*** Opening Entries supplied ***
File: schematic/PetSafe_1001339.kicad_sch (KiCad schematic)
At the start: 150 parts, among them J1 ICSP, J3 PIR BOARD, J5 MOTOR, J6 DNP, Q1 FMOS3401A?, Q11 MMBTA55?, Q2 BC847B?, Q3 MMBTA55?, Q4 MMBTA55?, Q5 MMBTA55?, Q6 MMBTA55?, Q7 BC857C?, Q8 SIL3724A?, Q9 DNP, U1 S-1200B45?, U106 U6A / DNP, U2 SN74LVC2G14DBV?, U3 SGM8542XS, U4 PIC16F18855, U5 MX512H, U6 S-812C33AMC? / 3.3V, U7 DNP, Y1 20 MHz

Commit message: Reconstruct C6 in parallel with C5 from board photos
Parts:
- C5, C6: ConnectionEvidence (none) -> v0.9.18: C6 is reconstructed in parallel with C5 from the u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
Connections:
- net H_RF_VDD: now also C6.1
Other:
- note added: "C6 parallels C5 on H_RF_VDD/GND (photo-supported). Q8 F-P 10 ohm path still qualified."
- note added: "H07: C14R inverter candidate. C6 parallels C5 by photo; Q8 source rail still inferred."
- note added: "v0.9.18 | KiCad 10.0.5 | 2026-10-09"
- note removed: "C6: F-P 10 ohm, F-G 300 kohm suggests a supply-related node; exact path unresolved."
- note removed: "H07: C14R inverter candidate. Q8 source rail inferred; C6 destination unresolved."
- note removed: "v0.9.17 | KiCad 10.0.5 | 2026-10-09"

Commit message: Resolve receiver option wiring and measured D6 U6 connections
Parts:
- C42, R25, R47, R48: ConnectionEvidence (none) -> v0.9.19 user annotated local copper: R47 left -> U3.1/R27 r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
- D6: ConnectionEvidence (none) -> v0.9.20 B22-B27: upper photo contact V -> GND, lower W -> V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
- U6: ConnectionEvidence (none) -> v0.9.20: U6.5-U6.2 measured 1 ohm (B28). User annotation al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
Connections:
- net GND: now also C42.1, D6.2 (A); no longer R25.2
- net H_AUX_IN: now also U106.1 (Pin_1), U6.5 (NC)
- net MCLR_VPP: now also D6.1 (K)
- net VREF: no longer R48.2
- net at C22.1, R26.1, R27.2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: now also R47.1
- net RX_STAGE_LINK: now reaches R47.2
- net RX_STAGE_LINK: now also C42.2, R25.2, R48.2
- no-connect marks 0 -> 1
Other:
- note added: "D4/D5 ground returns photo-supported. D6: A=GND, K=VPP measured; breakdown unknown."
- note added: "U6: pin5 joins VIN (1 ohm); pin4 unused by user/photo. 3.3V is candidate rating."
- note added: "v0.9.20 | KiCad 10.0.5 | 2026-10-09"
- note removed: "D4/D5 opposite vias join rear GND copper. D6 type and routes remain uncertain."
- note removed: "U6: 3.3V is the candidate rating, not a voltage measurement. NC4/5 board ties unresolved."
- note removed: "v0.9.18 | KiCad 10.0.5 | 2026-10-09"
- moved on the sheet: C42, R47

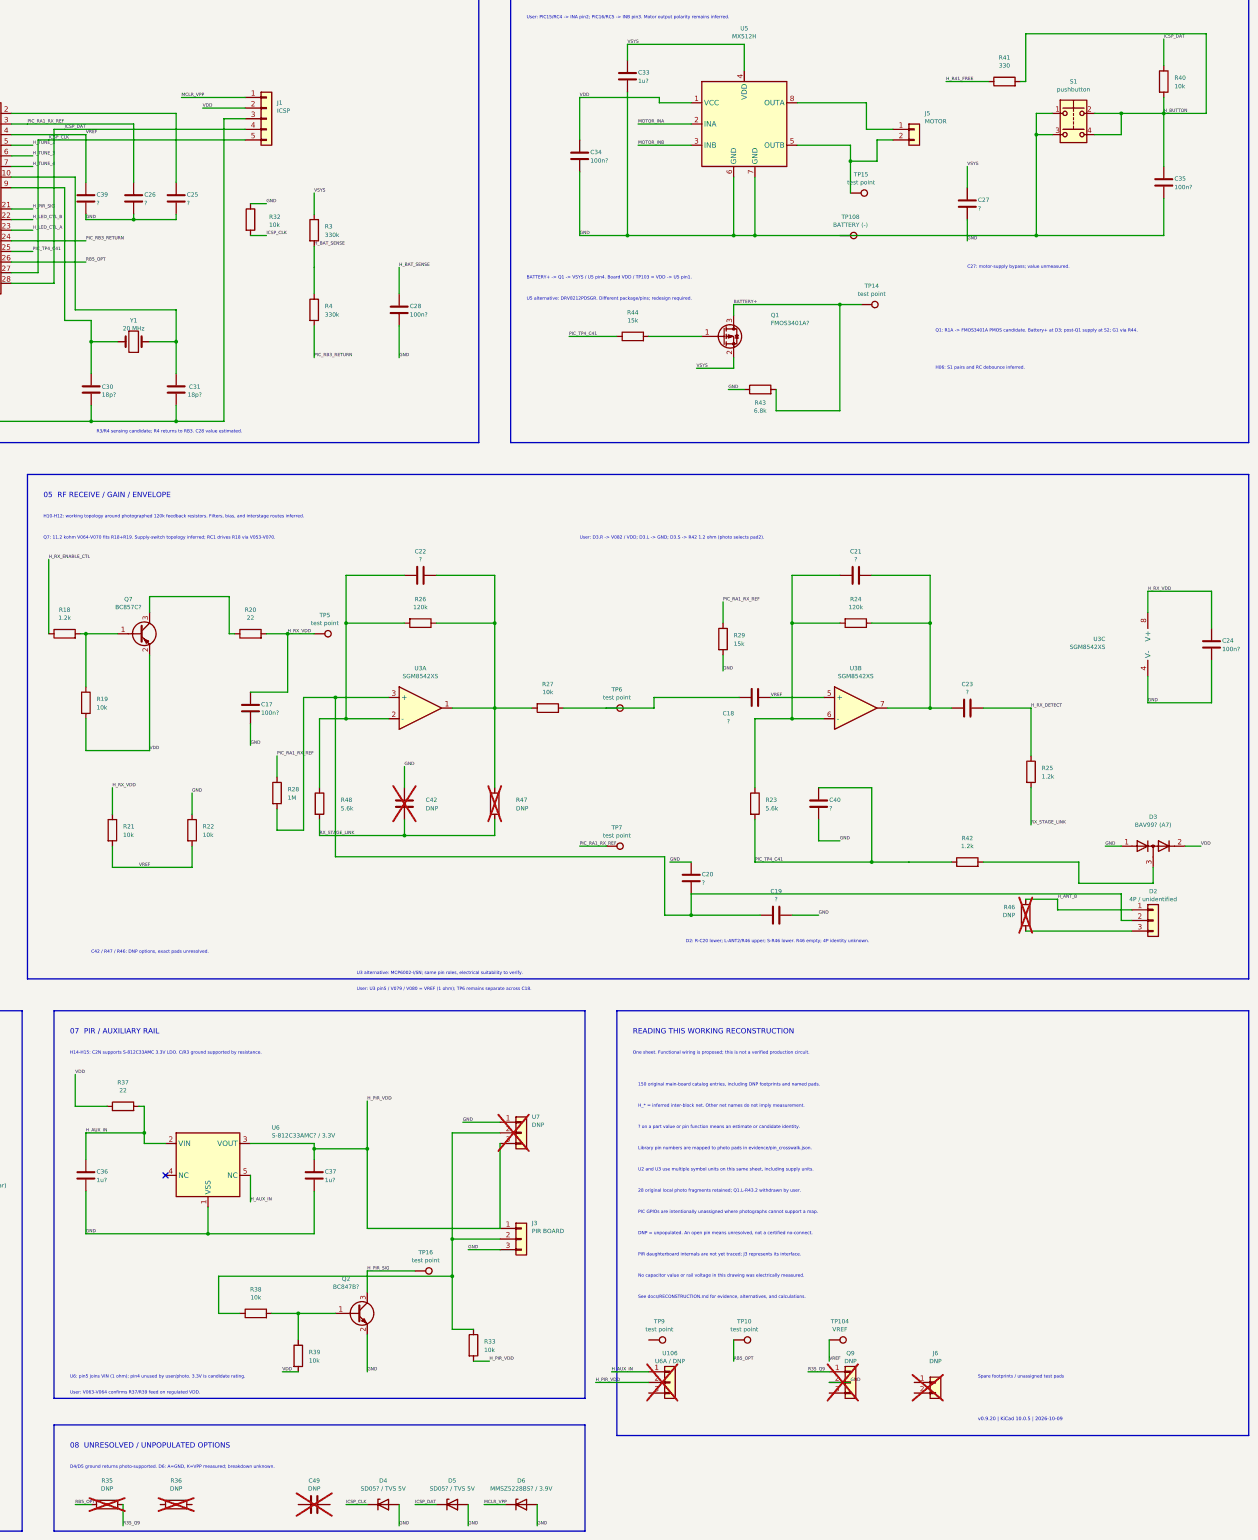
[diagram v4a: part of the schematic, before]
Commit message: Map J6 Q9 option and correct button routing to VPP
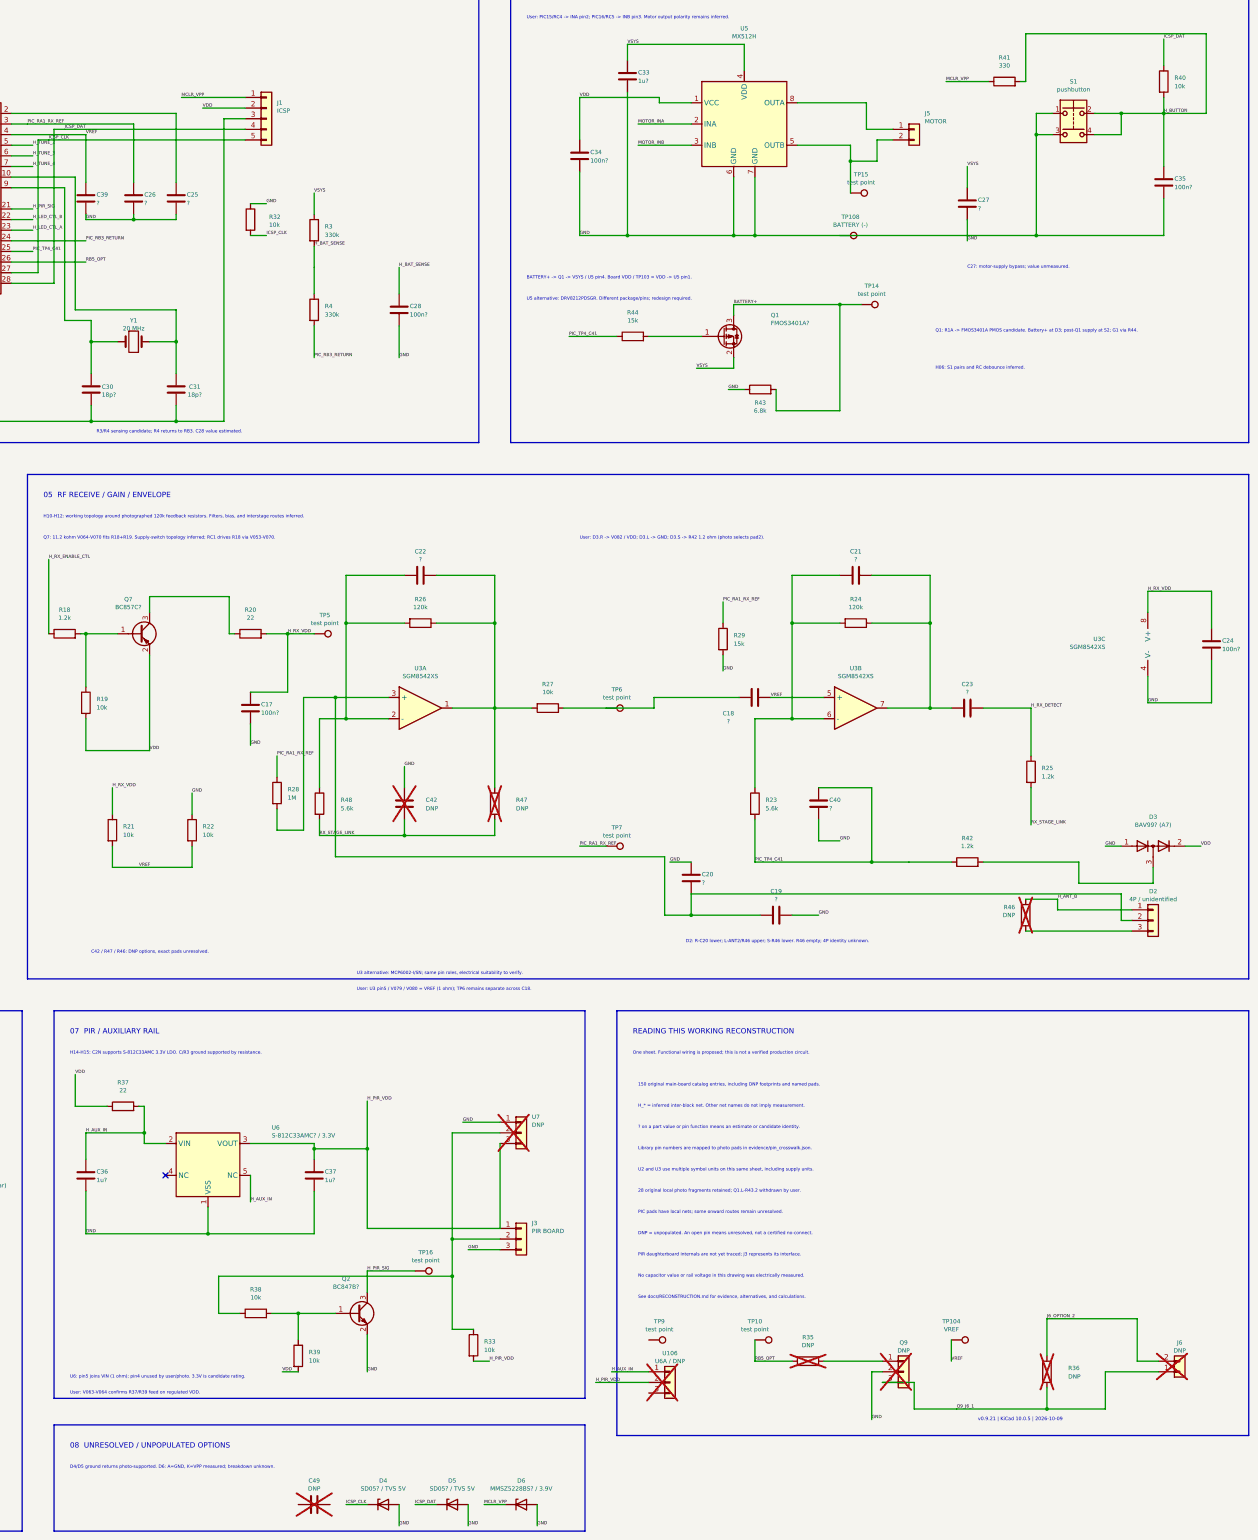
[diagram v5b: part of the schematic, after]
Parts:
- C35, R40, R41, S1: ConnectionEvidence (none) -> v0.9.21 user annotated S1 upper-right to C35 upper/model2 (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
- J6, Q9, R35, R36, TP10: ConnectionEvidence (none) -> v0.9.21 annotated photo: J6 left/model1 joins Q9 single/nat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
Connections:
- net H_R41_FREE is gone; now on net MCLR_VPP: R41.1
- net Q9_J6_1: now reaches Q9.3 (Pin_3)
- net Q9_J6_1: now also J6.1 (Pin_1), R36.2
- net J6_OPTION_2: now reaches R36.1
- net J6_OPTION_2: now also J6.2 (Pin_2)
- net R35_Q9: no longer names the net of Q9.1 (Pin_1), R35.2
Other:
- note added: "PIC pads have local nets; some onward routes remain unresolved."
- note added: "v0.9.21 | KiCad 10.0.5 | 2026-10-09"
- note removed: "PIC GPIOs are intentionally unassigned where photographs cannot support a map."
- note removed: "Spare footprints / unassigned test pads"
- note removed: "v0.9.20 | KiCad 10.0.5 | 2026-10-09"
- moved on the sheet: J6, Q9, R35, R36, TP10, TP104

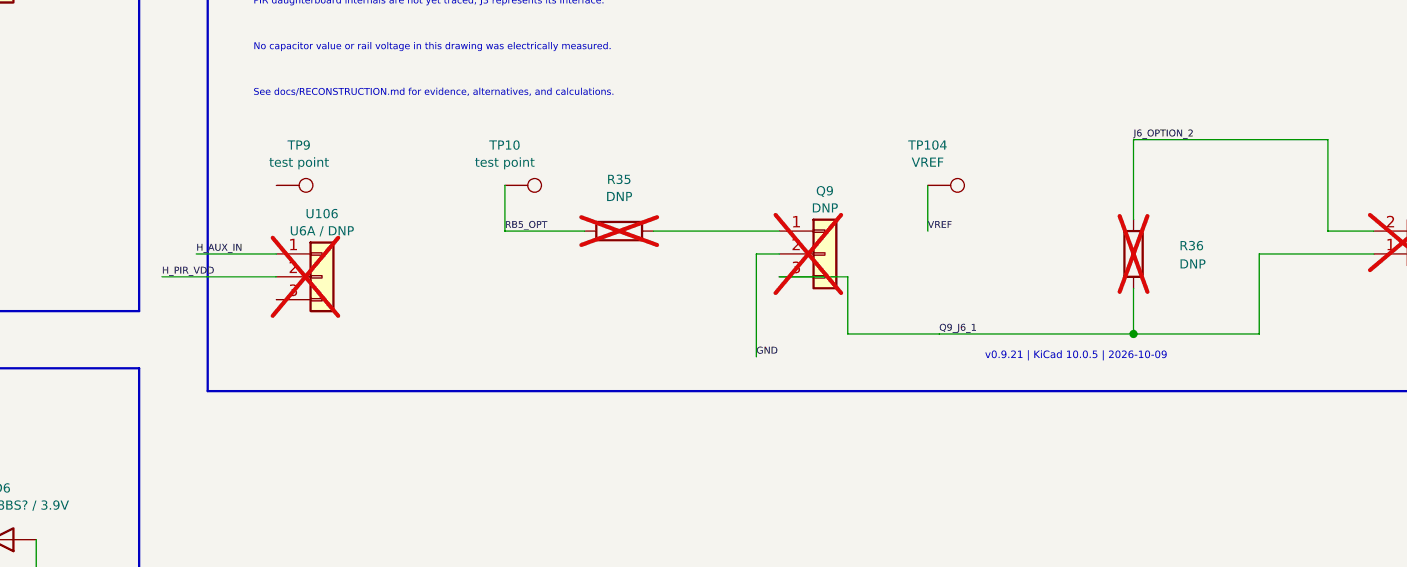
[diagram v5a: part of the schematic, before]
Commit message: Complete U6A option pad mapping with confirmed ground
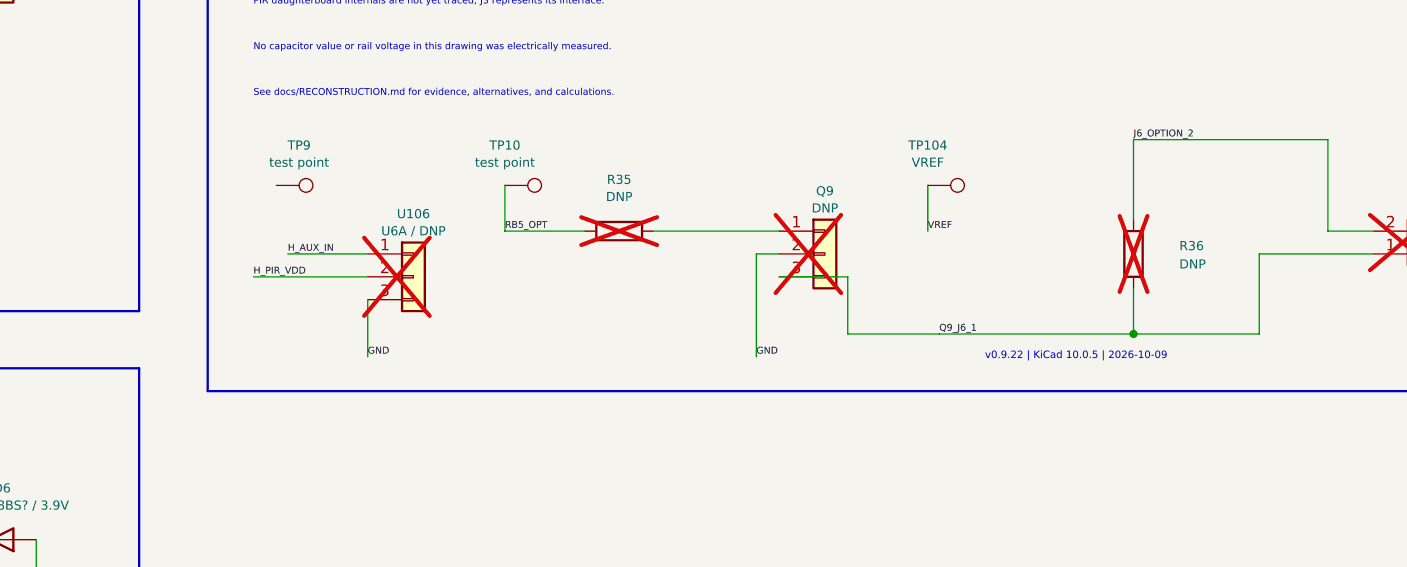
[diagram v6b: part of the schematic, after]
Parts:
- U106: ConnectionEvidence (none) -> v0.9.22 user annotated U6A option: single left pad/model L/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
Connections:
- net GND: now also U106.3 (Pin_3)
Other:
- note added: "v0.9.22 | KiCad 10.0.5 | 2026-10-09"
- note removed: "v0.9.21 | KiCad 10.0.5 | 2026-10-09"
- moved on the sheet: U106

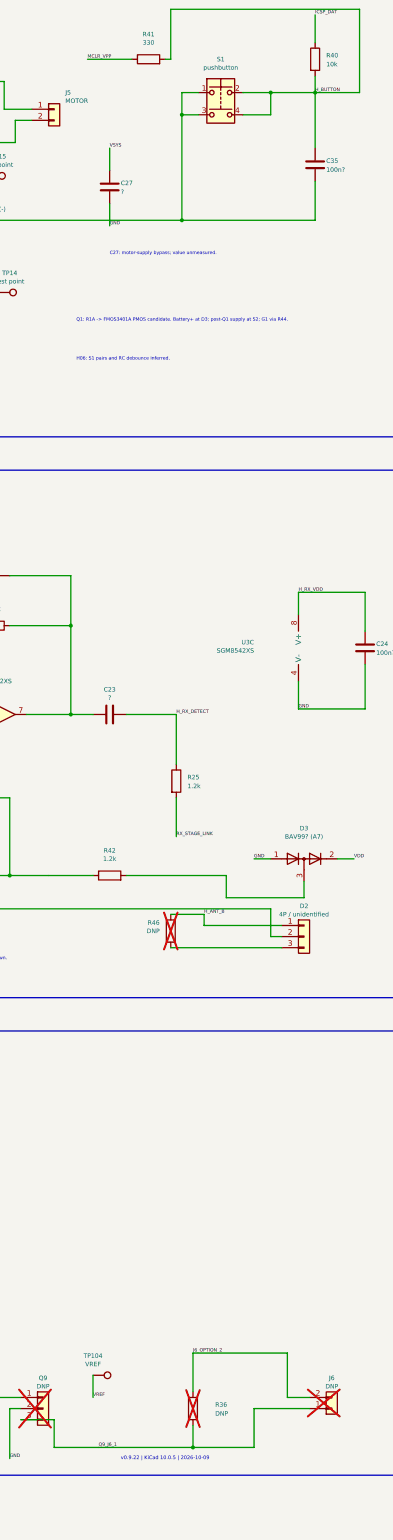
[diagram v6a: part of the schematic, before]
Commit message: Assign stock S1 tactile footprint from measured body dimensions
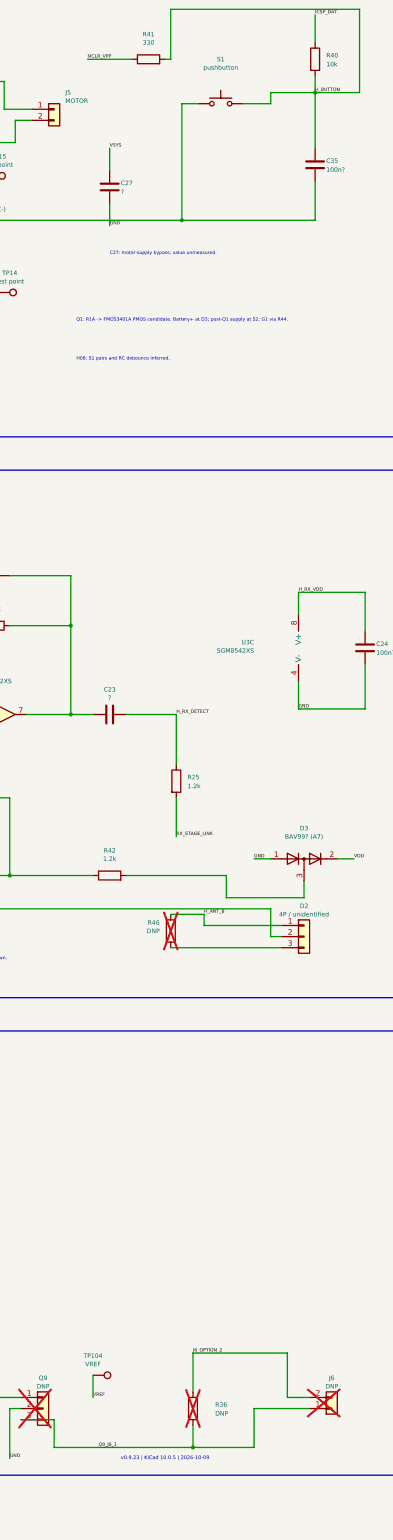
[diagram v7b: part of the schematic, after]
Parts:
- removed S1: pushbutton, symbol Switch:SW_Push_Dual
- added S1: pushbutton, Button_Switch_SMD:SW_SPST_PTS645Sx43SMTR92, symbol Switch:SW_Push
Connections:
- net GND: now also S1.1
- net H_BUTTON: now also S1.2
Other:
- note added: "v0.9.23 | KiCad 10.0.5 | 2026-10-09"
- note removed: "v0.9.22 | KiCad 10.0.5 | 2026-10-09"

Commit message: Group optional circuits by function and replace device placeholders
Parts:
- removed Q9: DNP, Package_TO_SOT_SMD:SOT-23, symbol Connector_Generic:Conn_01x03
- removed TP9: test point, TestPoint:TestPoint_THTPad_D2.0mm_Drill1.0mm, symbol Connector:TestPoint
- removed U106: U6A / DNP, Package_TO_SOT_SMD:SOT-23, symbol Connector_Generic:Conn_01x03
- added Q9: NPN option / DNP, Package_TO_SOT_SMD:SOT-23, symbol Transistor_BJT:Q_NPN_BEC
- added U106: U6A / LDO option, Package_TO_SOT_SMD:SOT-23, symbol Regulator_Linear:MCP1700x-330xxTT
- C49: LocationEvidence (none) -> Clearly visible empty C49 on rear IMG_2442.jpg beside anten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
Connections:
- net GND: now also Q9.2 (E), U106.1 (GND)
- net H_AUX_IN: now also U106.3 (VI)
- net H_PIR_VDD: now also U106.2 (VO)
- net Q9_J6_1: now also Q9.3 (C)
- net at R35.2: now also Q9.1 (B)
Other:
- note added: "149 retained catalog entries; unsupported TP9 entry removed after photo audit."
- note added: "U6A: DNP alternative regulator; stock symbol does not identify the original part."
- note added: "v0.9.24 | KiCad 10.0.5 | 2026-10-09"
- note removed: "08 UNRESOLVED / UNPOPULATED OPTIONS"
- note removed: "150 original main-board catalog entries, including DNP footprints and named pads."
- note removed: "D4/D5 ground returns photo-supported. D6: A=GND, K=VPP measured; breakdown unknown."
- note removed: "User: V063-V064 confirms R37/R39 feed on regulated VDD."
- note removed: "v0.9.23 | KiCad 10.0.5 | 2026-10-09"
- moved on the sheet: C49, D4, D5, D6, J6, R35, R36, TP10, TP104
*** Closing Entries supplied ***
What you need to do
Would you copy, unchanged, the stretch of the records above that begins at the line containing "- net RX_STAGE_LINK: now also" and ends at the line containing "pin5 joins VIN", and only that?

Solution
- net RX_STAGE_LINK: now also C42.2, R25.2, R48.2
- no-connect marks 0 -> 1
Other:
- note added: "D4/D5 ground returns photo-supported. D6: A=GND, K=VPP measured; breakdown unknown."
- note added: "U6: pin5 joins VIN (1 ohm); pin4 unused by user/photo. 3.3V is candidate rating."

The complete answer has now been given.